I had the opportunity to consider a bit the importance of credibility in the news business recently during the recent convention of the South Dakota Newspaper Association.
I found many aspects of being a newspaper reporter challenging during a 42-year career, but nothing worried me more than mistakes. The newspaper business is full of opportunities for mistakes.
It includes reporters, copy editors, assignment editors, city editors, photographers, photo editors and all sorts of other people who handle a piece of copy before it goes into a newspaper. Each one of those people is one more place where a mistake can sneak into the story. I used to marvel that we ever turned out a clean story, much less most of them each day.
Mistakes can be small or large: a misspelled name, a transposed date, the wrong word in the wrong place. A reporter might have a brain cramp and get a date wrong or a score wrong or a name wrong. Reporters and editors might think they know something and not really know it. The possibilities are endless. SpellCheck doesn't save a reporter. I once saw Homestake (as in Mining Co.) turned by SpellCheck into hemostat.
As a young reporter, I worried less about mistakes in the paper than I did as I gained years and experience. You might think it would be the other way around, but the older I grew, the more I realized any word in any sentence can become an error in a news person's hands.
ADVERTISEMENT
At the paper, we fixed our mistakes as soon as we could. If someone pointed out an error, or if we discovered it ourselves, we ran a correction. That's admirable and necessary. The correction rarely catches up the mistake, though, so newspapers are light years ahead to avoid mistakes in the first place.

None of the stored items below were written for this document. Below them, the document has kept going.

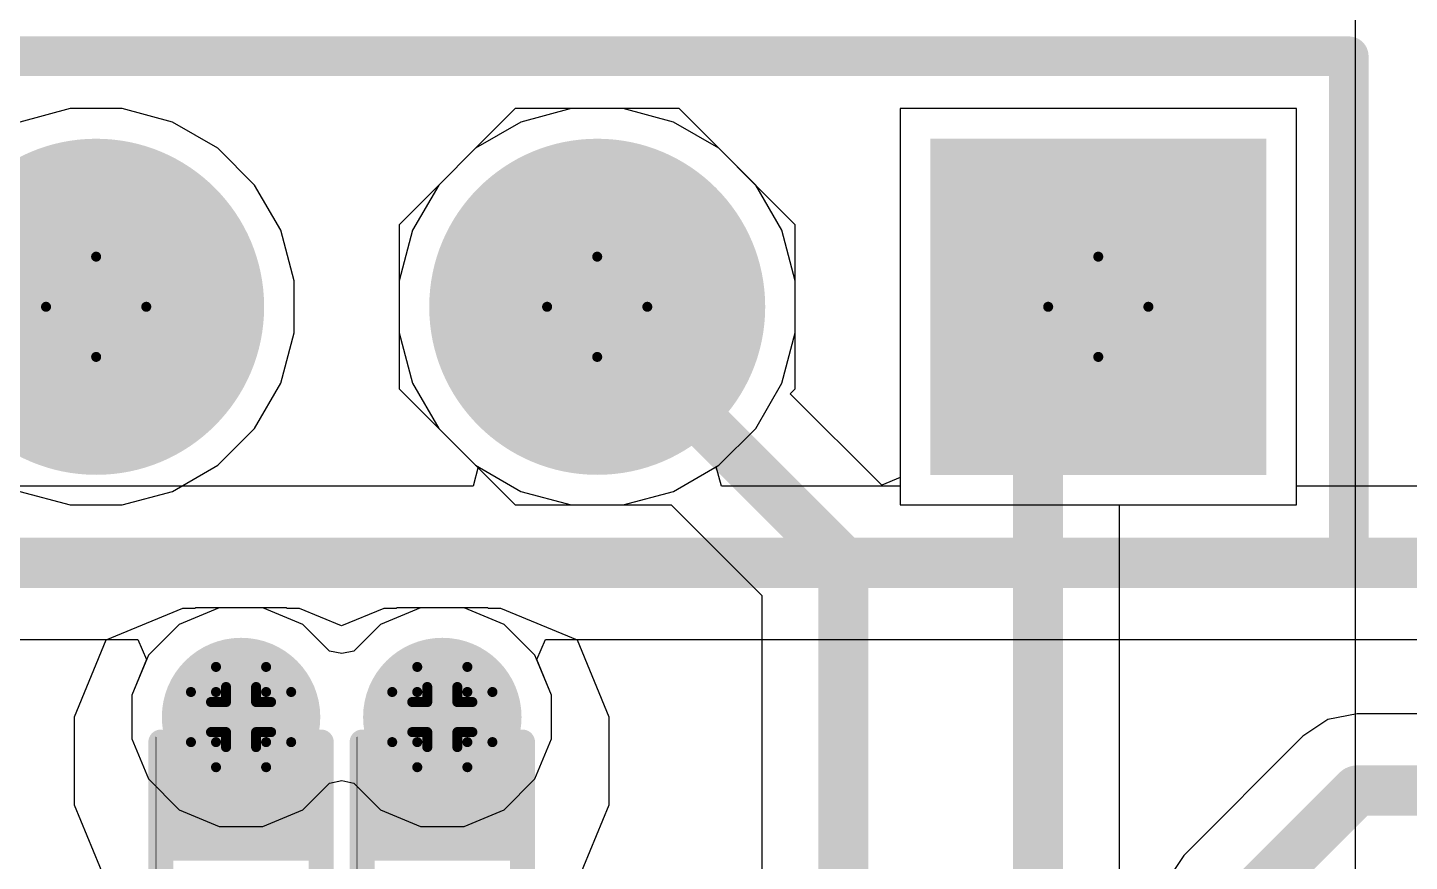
# Model space of a CAD drawing. Header units: inches. Extents: x -4 to 5258, y -4 to 5281.
# Drawn here: x 14.1 to 21.1, y 56.4 to 60.63 of the extents above; entities that cross this region are included whole.
import ezdxf

# ---------------------------------------------------------------- set-up
doc = ezdxf.new("R2010")
doc.units = ezdxf.units.IN
for name, color, linetype in [('Bottom Layer', 5, 'Continuous'), ('Bottom Solder', 6, 'Continuous'), ('Drill Drawing', 1, 'Continuous'), ('Layer 1', 16, 'Continuous'), ('Layer 2', 76, 'Continuous'), ('Multi-Layer', 9, 'Continuous'), ('Pad Holes', 156, 'Continuous'), ('Top Layer', 1, 'Continuous'), ('Top Overlay', 2, 'Continuous'), ('Top Paste', 8, 'Continuous'), ('Top Solder', 216, 'Continuous'), ('Via Holes', 16, 'Continuous')]:
    doc.layers.add(name, color=color, linetype=linetype)

# ---------------------------------------------------------------- blocks, each defined once
blk = doc.blocks.new('R___0402_97')
at = {"layer": 'Top Layer'}
for points in [[(-0.6985, -0.3175), (-0.6985, 0.3175), (-0.2413, 0.3175), (-0.2413, -0.3175)], [(0.2413, -0.3175), (0.2413, 0.3175), (0.6985, 0.3175), (0.6985, -0.3175)]]:
    blk.add_hatch(color=1, dxfattribs=at).paths.add_polyline_path(points)
at = {"layer": 'Top Paste'}
for points in [[(-0.6985, -0.3175), (-0.6985, 0.3175), (-0.2413, 0.3175), (-0.2413, -0.3175)], [(0.2413, -0.3175), (0.2413, 0.3175), (0.6985, 0.3175), (0.6985, -0.3175)]]:
    blk.add_hatch(color=8, dxfattribs=at).paths.add_polyline_path(points)
at = {"layer": 'Top Solder'}
for points in [[(-0.7535, -0.3725), (-0.7535, 0.3725), (-0.1863, 0.3725), (-0.1863, -0.3725)], [(0.1863, -0.3725), (0.1863, 0.3725), (0.7535, 0.3725), (0.7535, -0.3725)]]:
    blk.add_hatch(color=216, dxfattribs=at).paths.add_polyline_path(points)
at = {"layer": 'Top Overlay'}
for points in [[(-0.7874, -0.4064, 0.127, 0.127, 0), (-0.7874, 0.4064, 0.127, 0.127, 0)], [(0.7874, 0.4064, 0.127, 0.127, 0), (-0.7874, 0.4064, 0.127, 0.127, 0)], [(0.7874, -0.4064, 0.127, 0.127, 0), (0.7874, 0.4064, 0.127, 0.127, 0)], [(-0.7874, -0.4064, 0.127, 0.127, 0), (0.7874, -0.4064, 0.127, 0.127, 0)], [(0.8128, -0.4318, 0.00323, 0.00323, 0), (-0.8128, -0.4318, 0.00323, 0.00323, 0)]]:
    blk.add_lwpolyline(points, format="xyseb", dxfattribs=at)
for points in [[(-0.8191, 0.4064, 0.0635, 0.0635, 1), (-0.7556, 0.4064, 0.0635, 0.0635, 1)], [(-0.8191, 0.4064, 0.0635, 0.0635, 1), (-0.7556, 0.4064, 0.0635, 0.0635, 1)], [(0.7556, 0.4064, 0.0635, 0.0635, 1), (0.8191, 0.4064, 0.0635, 0.0635, 1)], [(0.7556, 0.4064, 0.0635, 0.0635, 1), (0.8191, 0.4064, 0.0635, 0.0635, 1)], [(-0.8192, -0.4064, 0.0635, 0.0635, 1), (-0.7557, -0.4064, 0.0635, 0.0635, 1)], [(-0.8192, -0.4064, 0.0635, 0.0635, 1), (-0.7557, -0.4064, 0.0635, 0.0635, 1)], [(0.7556, -0.4064, 0.0635, 0.0635, 1), (0.8191, -0.4064, 0.0635, 0.0635, 1)], [(0.7556, -0.4064, 0.0635, 0.0635, 1), (0.8191, -0.4064, 0.0635, 0.0635, 1)], [(-0.8136, -0.4318, 0.00161, 0.00161, 1), (-0.812, -0.4318, 0.00161, 0.00161, 1)], [(0.812, -0.4318, 0.00161, 0.00161, 1), (0.8136, -0.4318, 0.00161, 0.00161, 1)]]:
    blk.add_lwpolyline(points, format="xyseb", close=True, dxfattribs=at)
blk = doc.blocks.new('R___0402_98')
at = {"layer": 'Top Layer'}
for points in [[(-0.6985, -0.3175), (-0.6985, 0.3175), (-0.2413, 0.3175), (-0.2413, -0.3175)], [(0.2413, -0.3175), (0.2413, 0.3175), (0.6985, 0.3175), (0.6985, -0.3175)]]:
    blk.add_hatch(color=1, dxfattribs=at).paths.add_polyline_path(points)
at = {"layer": 'Top Paste'}
for points in [[(-0.6985, -0.3175), (-0.6985, 0.3175), (-0.2413, 0.3175), (-0.2413, -0.3175)], [(0.2413, -0.3175), (0.2413, 0.3175), (0.6985, 0.3175), (0.6985, -0.3175)]]:
    blk.add_hatch(color=8, dxfattribs=at).paths.add_polyline_path(points)
at = {"layer": 'Top Solder'}
for points in [[(-0.7535, -0.3725), (-0.7535, 0.3725), (-0.1863, 0.3725), (-0.1863, -0.3725)], [(0.1863, -0.3725), (0.1863, 0.3725), (0.7535, 0.3725), (0.7535, -0.3725)]]:
    blk.add_hatch(color=216, dxfattribs=at).paths.add_polyline_path(points)
at = {"layer": 'Top Overlay'}
for points in [[(0.7874, 0.4064, 0.127, 0.127, 0), (-0.7874, 0.4064, 0.127, 0.127, 0)], [(-0.7874, -0.4064, 0.127, 0.127, 0), (-0.7874, 0.4064, 0.127, 0.127, 0)], [(0.7874, -0.4064, 0.127, 0.127, 0), (0.7874, 0.4064, 0.127, 0.127, 0)], [(0.7874, -0.4064, 0.127, 0.127, 0), (-0.7874, -0.4064, 0.127, 0.127, 0)], [(0.8128, -0.4318, 0.00323, 0.00323, 0), (-0.8128, -0.4318, 0.00323, 0.00323, 0)]]:
    blk.add_lwpolyline(points, format="xyseb", dxfattribs=at)
for points in [[(-0.8191, 0.4064, 0.0635, 0.0635, 1), (-0.7556, 0.4064, 0.0635, 0.0635, 1)], [(-0.8191, 0.4064, 0.0635, 0.0635, 1), (-0.7556, 0.4064, 0.0635, 0.0635, 1)], [(0.7556, 0.4064, 0.0635, 0.0635, 1), (0.8191, 0.4064, 0.0635, 0.0635, 1)], [(0.7556, 0.4064, 0.0635, 0.0635, 1), (0.8191, 0.4064, 0.0635, 0.0635, 1)], [(-0.8191, -0.4064, 0.0635, 0.0635, 1), (-0.7556, -0.4064, 0.0635, 0.0635, 1)], [(-0.8191, -0.4064, 0.0635, 0.0635, 1), (-0.7556, -0.4064, 0.0635, 0.0635, 1)], [(0.7556, -0.4064, 0.0635, 0.0635, 1), (0.8191, -0.4064, 0.0635, 0.0635, 1)], [(0.7556, -0.4064, 0.0635, 0.0635, 1), (0.8191, -0.4064, 0.0635, 0.0635, 1)], [(-0.8136, -0.4318, 0.00161, 0.00161, 1), (-0.812, -0.4318, 0.00161, 0.00161, 1)], [(0.812, -0.4318, 0.00161, 0.00161, 1), (0.8136, -0.4318, 0.00161, 0.00161, 1)]]:
    blk.add_lwpolyline(points, format="xyseb", close=True, dxfattribs=at)
blk = doc.blocks.new('HDR1X3__215')
at = {"layer": 'Bottom Layer'}
blk.add_hatch(color=5, dxfattribs=at).paths.add_polyline_path([(-0.75, 0.75), (0.75, 0.75), (0.75, -0.75), (-0.75, -0.75)])
h = blk.add_hatch(color=5, dxfattribs=at)
edge = h.paths.add_edge_path()
edge.add_arc((2.54, 0), 0.75, 0, 360)
h = blk.add_hatch(color=5, dxfattribs=at)
edge = h.paths.add_edge_path()
edge.add_arc((5.08, 0), 0.75, 0, 360)
at = {"layer": 'Bottom Solder'}
blk.add_hatch(color=6, dxfattribs=at).paths.add_polyline_path([(-0.8516, 0.8516), (0.8516, 0.8516), (0.8516, -0.8516), (-0.8516, -0.8516)])
h = blk.add_hatch(color=6, dxfattribs=at)
edge = h.paths.add_edge_path()
edge.add_arc((2.54, 0), 0.8516, 0, 360)
h = blk.add_hatch(color=6, dxfattribs=at)
edge = h.paths.add_edge_path()
edge.add_arc((5.08, 0), 0.8516, 0, 360)
at = {"layer": 'Layer 1'}
blk.add_hatch(color=16, dxfattribs=at).paths.add_polyline_path([(-0.75, 0.75), (0.75, 0.75), (0.75, -0.75), (-0.75, -0.75)])
h = blk.add_hatch(color=16, dxfattribs=at)
edge = h.paths.add_edge_path()
edge.add_arc((2.54, 0), 0.75, 0, 360)
h = blk.add_hatch(color=16, dxfattribs=at)
edge = h.paths.add_edge_path()
edge.add_arc((5.08, 0), 0.75, 0, 360)
at = {"layer": 'Layer 2'}
blk.add_hatch(color=76, dxfattribs=at).paths.add_polyline_path([(-0.75, 0.75), (0.75, 0.75), (0.75, -0.75), (-0.75, -0.75)])
h = blk.add_hatch(color=76, dxfattribs=at)
edge = h.paths.add_edge_path()
edge.add_arc((2.54, 0), 0.75, 0, 360)
h = blk.add_hatch(color=76, dxfattribs=at)
edge = h.paths.add_edge_path()
edge.add_arc((5.08, 0), 0.75, 0, 360)
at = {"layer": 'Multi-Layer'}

When my daughter was married, we sent engagement write-ups to three or four papers where Jennifer and her intended, Rich, had ties. At least two of the publications misspelled one name or the other -- in their headlines. Like many other families at the time, we intended to clip the stories from the papers and stick them on the refrigerator and place them in a scrapbook. We did that, I'm sure, but it takes a little of the thrill out of the experience when the name is spelled wrong.
In the early 1970s, when I worked for The Associated Press, the Watergate hearings were in full cry.
(As an aside, I'm surprised no one has done a remake of "All the President's Men," maybe with Justin Bieber as Woodward.)
Anyway, I followed the action in AP copy and in copy from other major news outlets -- the Washington, Post, St. Petersburg Times and several other papers. At a Christmas party in Chamberlain, I talked with a guy who was a banker in Minnesota. He didn't believe the Watergate stories. I was more than a little surprised, but he had a point. He was an avid Minnesota Vikings fan. He attended many games in person. After a game, when he read the sports stories, he was surprised at the number of errors. If he couldn't count on the sports writers to get the Vikings' game correct, he asked, why should he think the political writers would get Watergate right? (I summarize, but that was pretty much his reasoning.)
These days, people are bombarded with information -- not necessarily always what I'd call news but certainly information -- from hundreds and hundreds of sources. Even more so than when my Vikings fan talked about Watergate, today it's vital that someone can be trusted to provide credible information. I still think the newspaper business does that, most of the time.
I happen to think most people, while they criticize the "media," mean the big outfits. I think they tend to trust their local news people. I also happen to think most of those community news people deserve that trust. But credibility is a fragile thing, easily fractured and not easily repaired.
In an age of instant information, news reporters and editors would do well to guard their credibility as if it were the most valuable part of their business. It is.